I was recently extending redcarpet
(a Markdown rendering library) to
render a CHANGELOG.md
in a nicer way. The idea is that markdown like this:
- [fixed] that one bug
- [added] that one feature
- [removed] that other thing
- this one doesn't have a tag
turns into this HTML:
<ol>
<li><span class="fixed tag">fixed</span> that one bug</li>
<li><span class="added tag">added</span> that one feature</li>
<li><span class="removed tag">removed</span> that other thing</li>
<li>this one doesn't have a tag</li>
<ol></ol>
</ol>
Notice that the main transformation is the "tag" inside square brackets
is turned into a span
element with a class of the same name.
Extending the rendering of list elements in redcarpet
specifically involves
overwriting a method that looks like this1:
def list_item(text)
end
The text
argument in the method signature is a single list item,
stripped of the identifier (in this case "-"). So, inside this method,
I have to parse [fixed] that one bug
and turn it into my desired HTML.
First Regex Approach
My first regex approach was to capture everything inside []
, and use the
captured group to create the span tag. This seemed straightforward:
def list_item(text)
matched = text.match(/^\\[(.*)\\] (.*)$/)
tag_type = matched[1]
note = matched[2]
"1. <span class=#{tag_type} tag>#{tag_type}</span>#{note}"
end
The important part of this regex is \\[(.*)\\]
2.
- The double backslashed
[
and]
characters match literal square brackets in my string - The
(.*)
between the square bracket literals match ALL characters inside the square brackets
The second part of the regex (.*)
simply captures the rest of the string in
another capture group that we can assign to the note
variable.
(I've omitted the handling of list items that don't contain square brackets for the sake of simplicity.)
The Edge Case
This solution worked pretty well, but I ran into an issue. When I attempted to
render a list item that contained a second pair of []
literals, the HTML
output was all messed up.
For example, this markdown:
- [fixed] [something] happened here
SHOULD be rendered as:
<span class="fixed tag">[something] happened here</span>
But instead, I was getting:
1.
<em class="fixed] [something tag">fixed] [something</em>
<span>happened here</span>
At first glance, this looked like garbage text to me, but then I realized that
the first capture group of my regex, between the []
literals, was capturing
from the first [
to the last ]
in the input string.
So, my first capture group was capturing: fixed] [something
instead of
just fixed
.
This was strange to me, because I assumed that the .*
in \\[(.*)\\]
would capture UNTIL it reached the first ]
.
But it turns out that the .*
is "greedy". That means that that it will match
all characters to the end of the entire string, and then work backwards to find
the next match for the remaining regex.
To break it down.. here's what happens:
\\[
finds the first literal open square bracket(.*)

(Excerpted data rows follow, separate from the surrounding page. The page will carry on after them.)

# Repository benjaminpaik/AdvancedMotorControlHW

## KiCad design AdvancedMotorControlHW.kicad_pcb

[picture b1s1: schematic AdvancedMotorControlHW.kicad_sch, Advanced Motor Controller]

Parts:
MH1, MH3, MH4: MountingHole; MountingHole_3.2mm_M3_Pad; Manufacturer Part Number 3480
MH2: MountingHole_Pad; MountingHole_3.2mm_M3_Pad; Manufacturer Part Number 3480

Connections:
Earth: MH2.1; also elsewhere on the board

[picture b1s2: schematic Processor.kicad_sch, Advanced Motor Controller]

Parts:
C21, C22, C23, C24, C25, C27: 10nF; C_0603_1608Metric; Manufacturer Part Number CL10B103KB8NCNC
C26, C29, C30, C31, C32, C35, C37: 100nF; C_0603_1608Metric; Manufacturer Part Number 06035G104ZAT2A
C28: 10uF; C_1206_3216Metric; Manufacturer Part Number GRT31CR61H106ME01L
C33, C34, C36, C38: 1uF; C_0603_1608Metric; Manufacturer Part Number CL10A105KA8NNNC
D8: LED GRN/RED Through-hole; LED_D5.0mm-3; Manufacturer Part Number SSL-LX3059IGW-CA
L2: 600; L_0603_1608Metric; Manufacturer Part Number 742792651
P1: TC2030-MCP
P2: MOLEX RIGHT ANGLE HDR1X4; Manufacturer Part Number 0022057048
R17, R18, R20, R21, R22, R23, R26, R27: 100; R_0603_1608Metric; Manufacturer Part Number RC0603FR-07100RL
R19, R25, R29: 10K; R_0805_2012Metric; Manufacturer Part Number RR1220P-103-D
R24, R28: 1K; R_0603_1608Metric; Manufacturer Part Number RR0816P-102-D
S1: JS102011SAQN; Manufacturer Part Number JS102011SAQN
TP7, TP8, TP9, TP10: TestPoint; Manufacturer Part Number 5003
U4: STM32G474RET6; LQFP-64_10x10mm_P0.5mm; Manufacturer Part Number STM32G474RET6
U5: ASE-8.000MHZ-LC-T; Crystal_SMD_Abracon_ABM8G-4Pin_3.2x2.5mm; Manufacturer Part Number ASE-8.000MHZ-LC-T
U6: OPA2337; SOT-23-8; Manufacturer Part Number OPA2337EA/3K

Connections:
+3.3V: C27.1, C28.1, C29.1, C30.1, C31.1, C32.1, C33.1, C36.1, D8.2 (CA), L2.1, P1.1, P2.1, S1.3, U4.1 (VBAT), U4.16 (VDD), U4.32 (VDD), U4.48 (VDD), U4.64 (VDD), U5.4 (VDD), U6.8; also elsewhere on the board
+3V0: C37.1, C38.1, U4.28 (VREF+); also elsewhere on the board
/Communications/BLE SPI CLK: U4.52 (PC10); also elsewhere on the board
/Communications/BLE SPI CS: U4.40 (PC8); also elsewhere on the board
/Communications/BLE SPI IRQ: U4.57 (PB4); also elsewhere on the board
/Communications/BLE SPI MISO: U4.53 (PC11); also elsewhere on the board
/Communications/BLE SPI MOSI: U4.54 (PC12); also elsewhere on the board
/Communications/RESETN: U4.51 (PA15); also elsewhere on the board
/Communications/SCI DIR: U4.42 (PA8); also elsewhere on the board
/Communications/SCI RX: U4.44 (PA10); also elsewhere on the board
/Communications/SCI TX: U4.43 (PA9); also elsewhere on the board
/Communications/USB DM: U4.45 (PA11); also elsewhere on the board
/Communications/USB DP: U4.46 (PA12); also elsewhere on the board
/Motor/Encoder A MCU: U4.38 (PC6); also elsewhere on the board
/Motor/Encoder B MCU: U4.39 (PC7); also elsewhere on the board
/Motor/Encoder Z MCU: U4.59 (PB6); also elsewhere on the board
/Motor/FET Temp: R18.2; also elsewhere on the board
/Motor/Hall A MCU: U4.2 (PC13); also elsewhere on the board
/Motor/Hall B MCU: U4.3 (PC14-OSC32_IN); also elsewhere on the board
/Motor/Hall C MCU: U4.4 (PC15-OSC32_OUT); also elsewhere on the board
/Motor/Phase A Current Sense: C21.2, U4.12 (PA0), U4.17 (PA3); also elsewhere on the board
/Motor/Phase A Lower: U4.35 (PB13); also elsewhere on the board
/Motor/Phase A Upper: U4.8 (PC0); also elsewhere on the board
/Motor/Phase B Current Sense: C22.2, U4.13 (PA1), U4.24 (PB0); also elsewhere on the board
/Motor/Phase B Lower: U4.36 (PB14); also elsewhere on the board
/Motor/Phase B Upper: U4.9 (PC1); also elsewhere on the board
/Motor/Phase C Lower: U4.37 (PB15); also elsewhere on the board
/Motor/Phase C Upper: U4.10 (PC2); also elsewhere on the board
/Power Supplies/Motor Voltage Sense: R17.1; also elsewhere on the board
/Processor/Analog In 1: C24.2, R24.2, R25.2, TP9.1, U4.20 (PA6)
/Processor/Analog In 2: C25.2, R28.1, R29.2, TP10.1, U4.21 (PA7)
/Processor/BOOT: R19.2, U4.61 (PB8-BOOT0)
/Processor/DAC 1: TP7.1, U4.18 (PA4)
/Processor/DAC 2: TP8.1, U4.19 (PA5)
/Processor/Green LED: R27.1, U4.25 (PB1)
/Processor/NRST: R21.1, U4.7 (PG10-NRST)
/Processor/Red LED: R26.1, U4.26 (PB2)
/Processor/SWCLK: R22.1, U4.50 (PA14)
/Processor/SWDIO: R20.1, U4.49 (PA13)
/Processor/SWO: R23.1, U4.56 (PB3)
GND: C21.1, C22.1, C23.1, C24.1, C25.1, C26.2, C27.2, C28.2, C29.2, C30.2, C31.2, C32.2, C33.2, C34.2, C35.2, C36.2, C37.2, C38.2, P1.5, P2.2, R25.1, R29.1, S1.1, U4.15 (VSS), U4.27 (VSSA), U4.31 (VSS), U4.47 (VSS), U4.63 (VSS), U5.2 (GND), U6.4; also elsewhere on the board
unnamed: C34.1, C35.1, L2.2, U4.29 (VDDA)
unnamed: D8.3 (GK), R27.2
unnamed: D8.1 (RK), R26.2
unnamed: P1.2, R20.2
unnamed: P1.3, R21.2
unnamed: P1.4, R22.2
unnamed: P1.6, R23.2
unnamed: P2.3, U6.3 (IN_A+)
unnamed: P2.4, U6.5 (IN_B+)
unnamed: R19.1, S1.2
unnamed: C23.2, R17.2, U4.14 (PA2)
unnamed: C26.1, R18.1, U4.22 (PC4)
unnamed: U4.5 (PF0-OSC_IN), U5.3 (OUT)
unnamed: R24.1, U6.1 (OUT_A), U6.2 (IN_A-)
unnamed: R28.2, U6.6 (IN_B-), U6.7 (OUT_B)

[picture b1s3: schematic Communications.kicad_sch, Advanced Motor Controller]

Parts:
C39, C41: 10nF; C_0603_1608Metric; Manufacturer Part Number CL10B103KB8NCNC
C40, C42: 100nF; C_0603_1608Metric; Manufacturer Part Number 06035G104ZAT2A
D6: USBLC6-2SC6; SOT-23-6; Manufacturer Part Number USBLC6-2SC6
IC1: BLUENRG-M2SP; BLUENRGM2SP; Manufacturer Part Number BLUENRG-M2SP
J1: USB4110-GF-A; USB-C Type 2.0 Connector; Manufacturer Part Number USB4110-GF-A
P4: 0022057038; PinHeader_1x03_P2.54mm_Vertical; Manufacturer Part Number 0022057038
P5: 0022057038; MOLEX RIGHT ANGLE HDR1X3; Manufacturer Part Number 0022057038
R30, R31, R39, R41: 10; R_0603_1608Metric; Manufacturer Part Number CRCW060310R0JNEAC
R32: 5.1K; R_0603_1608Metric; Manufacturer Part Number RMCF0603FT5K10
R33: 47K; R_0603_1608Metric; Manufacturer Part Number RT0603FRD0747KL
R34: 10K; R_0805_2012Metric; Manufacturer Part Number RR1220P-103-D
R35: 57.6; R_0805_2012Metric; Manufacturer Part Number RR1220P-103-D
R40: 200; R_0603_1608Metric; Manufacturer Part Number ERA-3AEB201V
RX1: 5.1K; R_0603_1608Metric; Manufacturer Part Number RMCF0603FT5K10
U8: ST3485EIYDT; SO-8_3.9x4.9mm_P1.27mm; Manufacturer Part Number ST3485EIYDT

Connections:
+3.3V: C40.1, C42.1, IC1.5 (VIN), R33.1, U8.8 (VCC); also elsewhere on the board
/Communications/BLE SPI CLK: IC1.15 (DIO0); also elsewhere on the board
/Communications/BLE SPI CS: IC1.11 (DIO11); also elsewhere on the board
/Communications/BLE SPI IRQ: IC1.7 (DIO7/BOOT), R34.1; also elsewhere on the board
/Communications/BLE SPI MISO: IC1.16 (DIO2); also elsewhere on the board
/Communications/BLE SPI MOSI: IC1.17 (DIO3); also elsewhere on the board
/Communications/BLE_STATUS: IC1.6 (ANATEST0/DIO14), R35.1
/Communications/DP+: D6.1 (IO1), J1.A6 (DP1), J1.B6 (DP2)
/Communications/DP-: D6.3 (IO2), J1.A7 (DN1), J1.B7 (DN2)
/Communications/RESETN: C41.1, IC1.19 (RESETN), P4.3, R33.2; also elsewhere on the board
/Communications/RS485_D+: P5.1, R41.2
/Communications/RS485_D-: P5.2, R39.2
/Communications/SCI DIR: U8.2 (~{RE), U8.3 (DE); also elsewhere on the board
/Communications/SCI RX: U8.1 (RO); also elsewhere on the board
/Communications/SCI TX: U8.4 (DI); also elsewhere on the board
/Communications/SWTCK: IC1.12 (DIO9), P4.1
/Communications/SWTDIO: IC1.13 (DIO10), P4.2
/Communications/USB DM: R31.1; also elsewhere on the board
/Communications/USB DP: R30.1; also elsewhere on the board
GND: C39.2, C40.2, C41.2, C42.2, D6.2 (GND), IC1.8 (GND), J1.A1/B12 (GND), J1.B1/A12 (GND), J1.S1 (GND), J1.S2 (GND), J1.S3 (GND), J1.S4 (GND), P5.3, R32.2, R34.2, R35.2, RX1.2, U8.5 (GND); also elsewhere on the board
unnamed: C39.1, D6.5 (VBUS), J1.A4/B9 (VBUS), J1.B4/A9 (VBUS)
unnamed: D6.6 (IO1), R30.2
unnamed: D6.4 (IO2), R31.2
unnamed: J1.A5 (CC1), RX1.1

captures the rest of the string\\]
starts at the end of the string and goes backwards one character at a time until it finds a literal close square bracket.(.*)
takes the remaining string after that closing square bracket and captures that in a group.
So in step 3, the wrong square bracket is found :(.
Solution
There are two ways to fix this:
Make .*
NOT greedy
The first way is to change the behavior of .*
so that it doesn't gobble up
the entire string, like the greedy monster it is. So I can change the regex
matcher to:
\\[(.*?)\\]
Notice the extra ?
.
Although this works, the way this Regex has to work now is instead of capturing
a bunch of the string, it has go character by character until it finds the
next closing ]
literal. This makes the regex a lot slower. Since I was rendering
user submitted CHANGELOG.md
files, I didn't want to rely on the size of user
text being small.
Exclude []
literals from the first .*
Another solution is to exclude []
literal square brackets from the first
(.*)
capture group:
\\[([^\\[\\]]*)\\]
This looks confusing to read, but if you break it down, it makes sense:
\\[
marks the opening literal square bracket(
marks the beginning of the capture group[
marks the beginning of a list^
means NOT\\[\\]
are again the literal square bracket characters]
is the end of the list*
means any number of characters)
marks the end of the capture group\\]
marks the ending literal square bracket
Numbers 2-8 in this list are the replacements for a (.*)
and mean "capture
0 or more characters that are not literal square brackets in a group".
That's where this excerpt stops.